Applied Algebra Group at the University of Zürich 

Module: MAT076 Arbeitsgemeinschaft in Codierungstheorie und Kryptographie Event: n.n. Arbeitsgemeinschaft in Codierungstheorie und Kryptographie eSeminar: Faster modular composition of polynomials
Dr. Vincent Neiger's talk Date: 19.05.21 Time: 15.00  16.00 Room: Online (**This eSeminar will take place on Zoom, using the same meeting details as previous seminars. If you do not have meeting details, please contact simran.tinani@math.uzh.ch **) This talk is about algorithms for modular composition of univariate polynomials, and for computing minimal polynomials. For two univariate polynomials a and g over a commutative field, modular composition asks to compute h(a) mod g for some given h, while the minimal polynomial problem is to compute h of minimal degree such that h(a) = 0 mod g. We propose algorithms whose complexity bound improves upon previous algorithms and in particular upon Brent and Kung's approach (1978); the new complexity bound is subquadratic in the degree of g and a even when using cubictime matrix multiplication.
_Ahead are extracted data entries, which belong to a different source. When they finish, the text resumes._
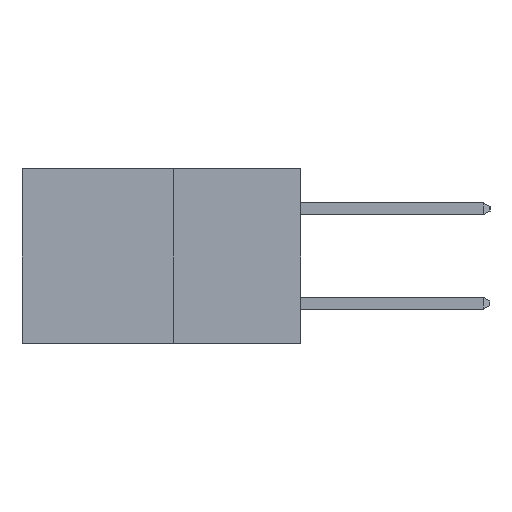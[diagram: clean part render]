
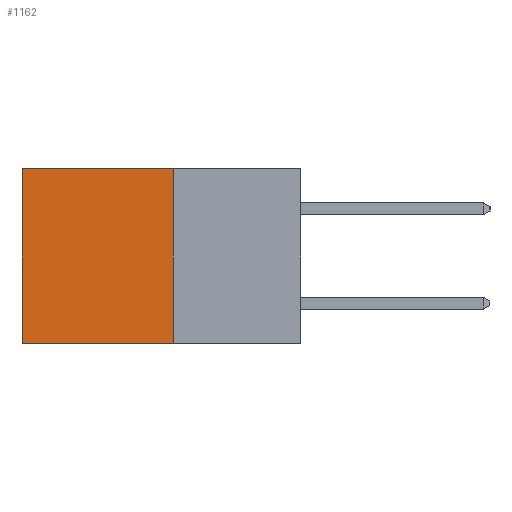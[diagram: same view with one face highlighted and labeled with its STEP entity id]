
A CAD part, left-side view. The second image highlights one B-rep face of the part: STEP entity #1162.
In plain terms, the highlighted planar face has unit normal (-1, 0, 0).
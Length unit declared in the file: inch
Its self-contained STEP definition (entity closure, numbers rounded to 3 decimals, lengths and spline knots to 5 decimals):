
#693 = VECTOR ( 'NONE', #9285, 39.37008 ) ;
#818 = VECTOR ( 'NONE', #9202, 39.37008 ) ;
#1162 = ADVANCED_FACE ( 'NONE', ( #12458 ), #6649, .F. ) ;
#2348 = EDGE_CURVE ( 'NONE', #17387, #10381, #13723, .T. ) ;
#2499 = VERTEX_POINT ( 'NONE', #16746 ) ;
#3317 = CARTESIAN_POINT ( 'NONE',  ( 0.277, 0.27, -0.37 ) ) ;
#4717 = DIRECTION ( 'NONE',  ( 1., 0., 0. ) ) ;
#5676 = LINE ( 'NONE', #15869, #693 ) ;
#5798 = LINE ( 'NONE', #7568, #818 ) ;
#5906 = CARTESIAN_POINT ( 'NONE',  ( 0.277, 0.59, 0. ) ) ;
#6201 = VECTOR ( 'NONE', #9805, 39.37008 ) ;
#6649 = PLANE ( 'NONE',  #16352 ) ;
#7479 = EDGE_CURVE ( 'NONE', #10381, #2499, #5798, .T. ) ;
#7568 = CARTESIAN_POINT ( 'NONE',  ( 0.277, 0.59, -0.37 ) ) ;
#8082 = VERTEX_POINT ( 'NONE', #10410 ) ;
#8567 = DIRECTION ( 'NONE',  ( 0., 0., -1. ) ) ;
#9202 = DIRECTION ( 'NONE',  ( 0., 0., -1. ) ) ;
#9285 = DIRECTION ( 'NONE',  ( 0., 0., -1. ) ) ;
#9293 = VECTOR ( 'NONE', #9487, 39.37008 ) ;
#9487 = DIRECTION ( 'NONE',  ( 0., 1., 0. ) ) ;
#9805 = DIRECTION ( 'NONE',  ( 0., 1., 0. ) ) ;
#9932 = CARTESIAN_POINT ( 'NONE',  ( 0.277, 0.27, 0. ) ) ;
#10321 = CARTESIAN_POINT ( 'NONE',  ( 0.277, 0.27, -0.37 ) ) ;
#10381 = VERTEX_POINT ( 'NONE', #5906 ) ;
#10410 = CARTESIAN_POINT ( 'NONE',  ( 0.277, 0.27, -0.37 ) ) ;
#10855 = EDGE_LOOP ( 'NONE', ( #17036, #16963, #16928, #16572 ) ) ;
#12458 = FACE_OUTER_BOUND ( 'NONE', #10855, .T. ) ;
#13723 = LINE ( 'NONE', #14022, #9293 ) ;
#14022 = CARTESIAN_POINT ( 'NONE',  ( 0.277, 0.27, 0. ) ) ;
#15869 = CARTESIAN_POINT ( 'NONE',  ( 0.277, 0.27, -0.37 ) ) ;
#16352 = AXIS2_PLACEMENT_3D ( 'NONE', #10321, #4717, #8567 ) ;
#16572 = ORIENTED_EDGE ( 'NONE', *, *, #2348, .T. ) ;
#16636 = EDGE_CURVE ( 'NONE', #8082, #2499, #19285, .T. ) ;
#16746 = CARTESIAN_POINT ( 'NONE',  ( 0.277, 0.59, -0.37 ) ) ;
#16928 = ORIENTED_EDGE ( 'NONE', *, *, #17122, .F. ) ;
#16963 = ORIENTED_EDGE ( 'NONE', *, *, #16636, .F. ) ;
#17036 = ORIENTED_EDGE ( 'NONE', *, *, #7479, .T. ) ;
#17122 = EDGE_CURVE ( 'NONE', #17387, #8082, #5676, .T. ) ;
#17387 = VERTEX_POINT ( 'NONE', #9932 ) ;
#19285 = LINE ( 'NONE', #3317, #6201 ) ;
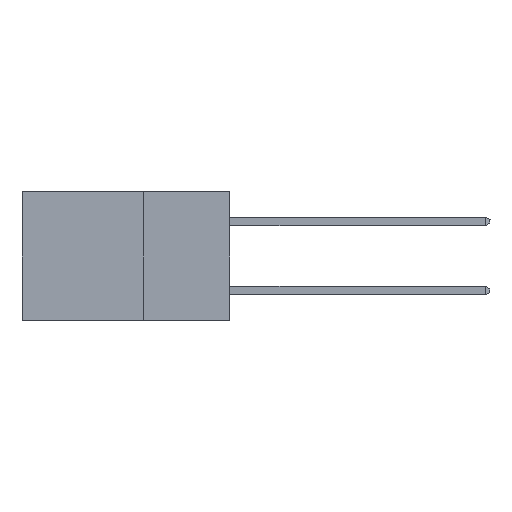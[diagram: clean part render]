
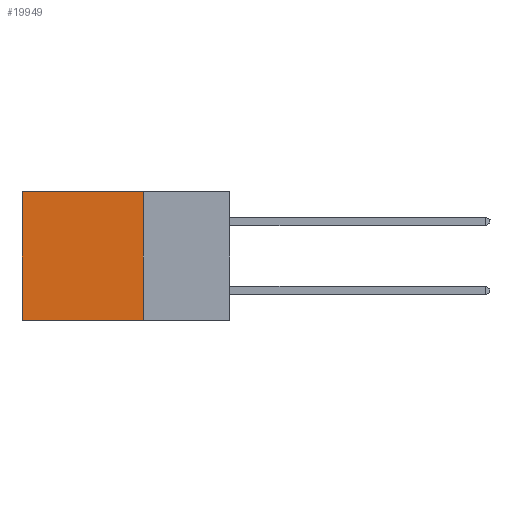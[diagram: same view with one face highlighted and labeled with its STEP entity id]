
A CAD part, left-side view. The second image highlights one B-rep face of the part: STEP entity #19949.
In plain terms, the highlighted planar face has unit normal (-1, 0, 0).
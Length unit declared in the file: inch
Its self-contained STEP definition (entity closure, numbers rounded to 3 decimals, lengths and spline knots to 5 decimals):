
#803 = LINE ( 'NONE', #4372, #18386 ) ;
#1908 = VECTOR ( 'NONE', #14525, 39.37008 ) ;
#2492 = VERTEX_POINT ( 'NONE', #11393 ) ;
#2837 = DIRECTION ( 'NONE',  ( 0., 0., -1. ) ) ;
#2904 = ORIENTED_EDGE ( 'NONE', *, *, #3162, .F. ) ;
#3162 = EDGE_CURVE ( 'NONE', #9970, #21008, #803, .T. ) ;
#3697 = LINE ( 'NONE', #18485, #5485 ) ;
#4185 = CARTESIAN_POINT ( 'NONE',  ( 0.2615, 0.6, -0.37 ) ) ;
#4372 = CARTESIAN_POINT ( 'NONE',  ( 0.2615, 0.25, -0.37 ) ) ;
#4781 = CARTESIAN_POINT ( 'NONE',  ( 0.2615, 0.25, 0. ) ) ;
#4811 = FACE_OUTER_BOUND ( 'NONE', #6971, .T. ) ;
#5271 = CARTESIAN_POINT ( 'NONE',  ( 0.2615, 0.6, -0.37 ) ) ;
#5485 = VECTOR ( 'NONE', #5606, 39.37008 ) ;
#5606 = DIRECTION ( 'NONE',  ( 0., 1., 0. ) ) ;
#5713 = EDGE_CURVE ( 'NONE', #9970, #2492, #19359, .T. ) ;
#6102 = DIRECTION ( 'NONE',  ( 1., 0., 0. ) ) ;
#6971 = EDGE_LOOP ( 'NONE', ( #11362, #14354, #2904, #10007 ) ) ;
#7217 = VERTEX_POINT ( 'NONE', #4185 ) ;
#7907 = PLANE ( 'NONE',  #16574 ) ;
#8121 = CARTESIAN_POINT ( 'NONE',  ( 0.2615, 0.25, -0.37 ) ) ;
#9970 = VERTEX_POINT ( 'NONE', #13908 ) ;
#10007 = ORIENTED_EDGE ( 'NONE', *, *, #5713, .T. ) ;
#11142 = DIRECTION ( 'NONE',  ( 0., 0., -1. ) ) ;
#11362 = ORIENTED_EDGE ( 'NONE', *, *, #16884, .T. ) ;
#11393 = CARTESIAN_POINT ( 'NONE',  ( 0.2615, 0.6, 0. ) ) ;
#12031 = DIRECTION ( 'NONE',  ( 0., 0., -1. ) ) ;
#12255 = CARTESIAN_POINT ( 'NONE',  ( 0.2615, 0.25, -0.37 ) ) ;
#13908 = CARTESIAN_POINT ( 'NONE',  ( 0.2615, 0.25, 0. ) ) ;
#14354 = ORIENTED_EDGE ( 'NONE', *, *, #17774, .F. ) ;
#14525 = DIRECTION ( 'NONE',  ( 0., 1., 0. ) ) ;
#16574 = AXIS2_PLACEMENT_3D ( 'NONE', #8121, #6102, #11142 ) ;
#16760 = VECTOR ( 'NONE', #12031, 39.37008 ) ;
#16884 = EDGE_CURVE ( 'NONE', #2492, #7217, #19970, .T. ) ;
#17774 = EDGE_CURVE ( 'NONE', #21008, #7217, #3697, .T. ) ;
#18386 = VECTOR ( 'NONE', #2837, 39.37008 ) ;
#18485 = CARTESIAN_POINT ( 'NONE',  ( 0.2615, 0.25, -0.37 ) ) ;
#19359 = LINE ( 'NONE', #4781, #1908 ) ;
#19949 = ADVANCED_FACE ( 'NONE', ( #4811 ), #7907, .F. ) ;
#19970 = LINE ( 'NONE', #5271, #16760 ) ;
#21008 = VERTEX_POINT ( 'NONE', #12255 ) ;
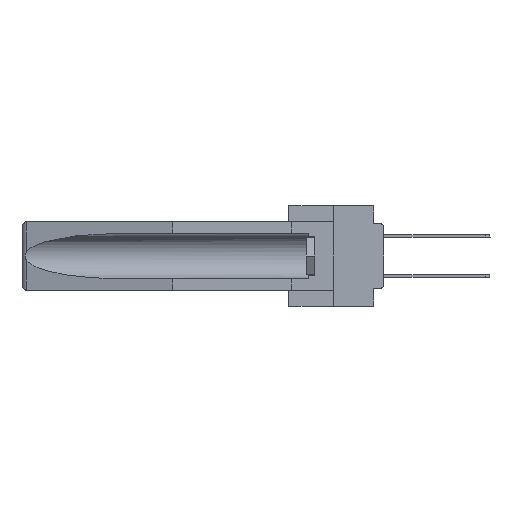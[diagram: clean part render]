
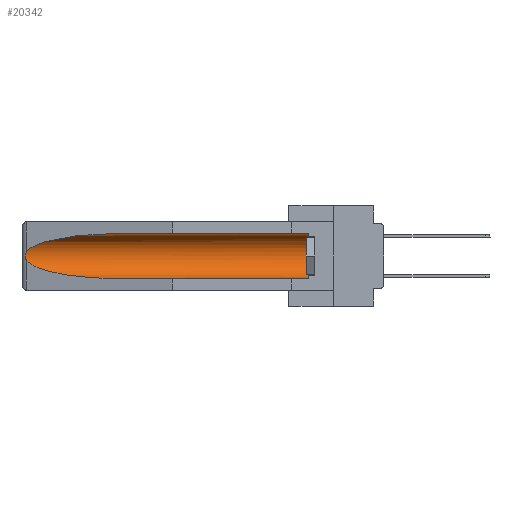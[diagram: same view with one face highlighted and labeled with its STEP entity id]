
A CAD part, left-side view. The second image highlights one B-rep face of the part: STEP entity #20342.
In plain terms, the highlighted cylindrical face has radius 2.857 mm (diameter 5.715 mm), a partial arc.
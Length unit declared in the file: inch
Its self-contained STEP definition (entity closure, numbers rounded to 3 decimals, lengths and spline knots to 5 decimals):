
#303 = CARTESIAN_POINT ( 'NONE',  ( 0.155, 1.07973, -0.284 ) ) ;
#502 = CARTESIAN_POINT ( 'NONE',  ( 0.26655, 1.53094, -0.18657 ) ) ;
#1109 = EDGE_CURVE ( 'NONE', #25879, #15699, #24027, .T. ) ;
#1837 = EDGE_CURVE ( 'NONE', #23606, #25879, #31931, .T. ) ;
#3815 = CARTESIAN_POINT ( 'NONE',  ( 0.2675, 1.53308, -0.17534 ) ) ;
#3900 = CARTESIAN_POINT ( 'NONE',  ( 0.21114, 1.30732, -0.059 ) ) ;
#5561 = CARTESIAN_POINT ( 'NONE',  ( 0.26537, 1.52718, -0.14972 ) ) ;
#5753 = EDGE_CURVE ( 'NONE', #7102, #23606, #14064, .T. ) ;
#6624 = ORIENTED_EDGE ( 'NONE', *, *, #1109, .T. ) ;
#6675 = CARTESIAN_POINT ( 'NONE',  ( 0.155, 1.07973, -0.059 ) ) ;
#7102 = VERTEX_POINT ( 'NONE', #24987 ) ;
#7308 = ORIENTED_EDGE ( 'NONE', *, *, #5753, .T. ) ;
#7435 = LINE ( 'NONE', #27918, #16071 ) ;
#8150 = CYLINDRICAL_SURFACE ( 'NONE', #29173, 0.1125 ) ;
#8556 = FACE_OUTER_BOUND ( 'NONE', #35302, .T. ) ;
#8893 = EDGE_CURVE ( 'NONE', #16748, #29766, #20570, .T. ) ;
#9699 = CARTESIAN_POINT ( 'NONE',  ( 0.26537, 1.52718, -0.14972 ) ) ;
#9883 = EDGE_CURVE ( 'NONE', #29766, #7102, #7435, .T. ) ;
#10340 = CARTESIAN_POINT ( 'NONE',  ( 0.155, 0.126, -0.284 ) ) ;
#11293 = LINE ( 'NONE', #13041, #28548 ) ;
#11971 = CARTESIAN_POINT ( 'NONE',  ( 0.155, 1.07973, -0.284 ) ) ;
#13041 = CARTESIAN_POINT ( 'NONE',  ( 0.155, -0.30754, -0.284 ) ) ;
#13112 = CARTESIAN_POINT ( 'NONE',  ( 0.26537, 1.52718, -0.19328 ) ) ;
#13301 = AXIS2_PLACEMENT_3D ( 'NONE', #13698, #24849, #33728 ) ;
#13698 = CARTESIAN_POINT ( 'NONE',  ( 0.155, 0.126, -0.1715 ) ) ;
#14064 =( BOUNDED_CURVE ( )  B_SPLINE_CURVE ( 3, ( #6675, #3900, #15002, #9699 ),
 .UNSPECIFIED., .F., .T. ) 
 B_SPLINE_CURVE_WITH_KNOTS ( ( 4, 4 ),
 ( 4.71239, 6.08839 ),
 .UNSPECIFIED. ) 
 CURVE ( )  GEOMETRIC_REPRESENTATION_ITEM ( )  RATIONAL_B_SPLINE_CURVE ( ( 1., 0.848, 0.848, 1. ) ) 
 REPRESENTATION_ITEM ( '' )  );
#15002 = CARTESIAN_POINT ( 'NONE',  ( 0.25451, 1.48313, -0.09465 ) ) ;
#15402 = ORIENTED_EDGE ( 'NONE', *, *, #20407, .F. ) ;
#15435 = CARTESIAN_POINT ( 'NONE',  ( 0.26597, 1.5296, -0.19026 ) ) ;
#15699 = VERTEX_POINT ( 'NONE', #11971 ) ;
#15819 = DIRECTION ( 'NONE',  ( 0., 1., 0. ) ) ;
#15994 = DIRECTION ( 'NONE',  ( 0., 1., 0. ) ) ;
#16071 = VECTOR ( 'NONE', #15994, 39.37008 ) ;
#16748 = VERTEX_POINT ( 'NONE', #10340 ) ;
#17665 = CARTESIAN_POINT ( 'NONE',  ( 0.21114, 1.30732, -0.284 ) ) ;
#18365 = CARTESIAN_POINT ( 'NONE',  ( 0.2673, 1.53269, -0.17917 ) ) ;
#20342 = ADVANCED_FACE ( 'NONE', ( #8556 ), #8150, .F. ) ;
#20407 = EDGE_CURVE ( 'NONE', #16748, #15699, #11293, .T. ) ;
#20570 = CIRCLE ( 'NONE', #13301, 0.1125 ) ;
#21153 = CARTESIAN_POINT ( 'NONE',  ( 0.26537, 1.52718, -0.14972 ) ) ;
#21275 = CARTESIAN_POINT ( 'NONE',  ( 0.26597, 1.52961, -0.15275 ) ) ;
#23119 = DIRECTION ( 'NONE',  ( 0., 1., 0. ) ) ;
#23282 = ORIENTED_EDGE ( 'NONE', *, *, #8893, .T. ) ;
#23606 = VERTEX_POINT ( 'NONE', #5561 ) ;
#24027 =( BOUNDED_CURVE ( )  B_SPLINE_CURVE ( 3, ( #35235, #35113, #17665, #303 ),
 .UNSPECIFIED., .F., .F. ) 
 B_SPLINE_CURVE_WITH_KNOTS ( ( 4, 4 ),
 ( 0.1948, 1.5708 ),
 .UNSPECIFIED. ) 
 CURVE ( )  GEOMETRIC_REPRESENTATION_ITEM ( )  RATIONAL_B_SPLINE_CURVE ( ( 1., 0.848, 0.848, 1. ) ) 
 REPRESENTATION_ITEM ( '' )  );
#24849 = DIRECTION ( 'NONE',  ( 0., -1., 0. ) ) ;
#24987 = CARTESIAN_POINT ( 'NONE',  ( 0.155, 1.07973, -0.059 ) ) ;
#25879 = VERTEX_POINT ( 'NONE', #13112 ) ;
#26140 = ORIENTED_EDGE ( 'NONE', *, *, #9883, .T. ) ;
#27918 = CARTESIAN_POINT ( 'NONE',  ( 0.155, -0.30754, -0.059 ) ) ;
#28548 = VECTOR ( 'NONE', #15819, 39.37008 ) ;
#29173 = AXIS2_PLACEMENT_3D ( 'NONE', #34042, #23119, #34394 ) ;
#29766 = VERTEX_POINT ( 'NONE', #34232 ) ;
#31931 = B_SPLINE_CURVE_WITH_KNOTS ( 'NONE', 3,
 ( #21153, #21275, #32796, #35438, #32662, #3815, #18365, #502, #15435, #32529 ),
 .UNSPECIFIED., .F., .F.,
 ( 4, 2, 2, 2, 4 ),
 ( 0., 0.00029, 0.00058, 0.00087, 0.00117 ),
 .UNSPECIFIED. ) ;
#32529 = CARTESIAN_POINT ( 'NONE',  ( 0.26537, 1.52718, -0.19328 ) ) ;
#32662 = CARTESIAN_POINT ( 'NONE',  ( 0.2675, 1.53308, -0.16763 ) ) ;
#32796 = CARTESIAN_POINT ( 'NONE',  ( 0.26654, 1.53092, -0.15636 ) ) ;
#33728 = DIRECTION ( 'NONE',  ( 0., 0., 1. ) ) ;
#34042 = CARTESIAN_POINT ( 'NONE',  ( 0.155, -0.30754, -0.1715 ) ) ;
#34232 = CARTESIAN_POINT ( 'NONE',  ( 0.155, 0.126, -0.059 ) ) ;
#34394 = DIRECTION ( 'NONE',  ( 0., 0., 1. ) ) ;
#35113 = CARTESIAN_POINT ( 'NONE',  ( 0.25451, 1.48313, -0.24835 ) ) ;
#35235 = CARTESIAN_POINT ( 'NONE',  ( 0.26537, 1.52718, -0.19328 ) ) ;
#35302 = EDGE_LOOP ( 'NONE', ( #7308, #35584, #6624, #15402, #23282, #26140 ) ) ;
#35438 = CARTESIAN_POINT ( 'NONE',  ( 0.2673, 1.5327, -0.16383 ) ) ;
#35584 = ORIENTED_EDGE ( 'NONE', *, *, #1837, .T. ) ;

Our improvement comes from the fast computation of specific bases of bivariate ideals, and from efficient operations with these bases thanks to fast univariate polynomial matrix algorithms. We report on preliminary experimental results using our new Polynomial Matrix Library ( https://github.com/vneiger/pml ). Contains joint work with Seung Gyu Hyun, Bruno Salvy, Eric Schost, Gilles Villard.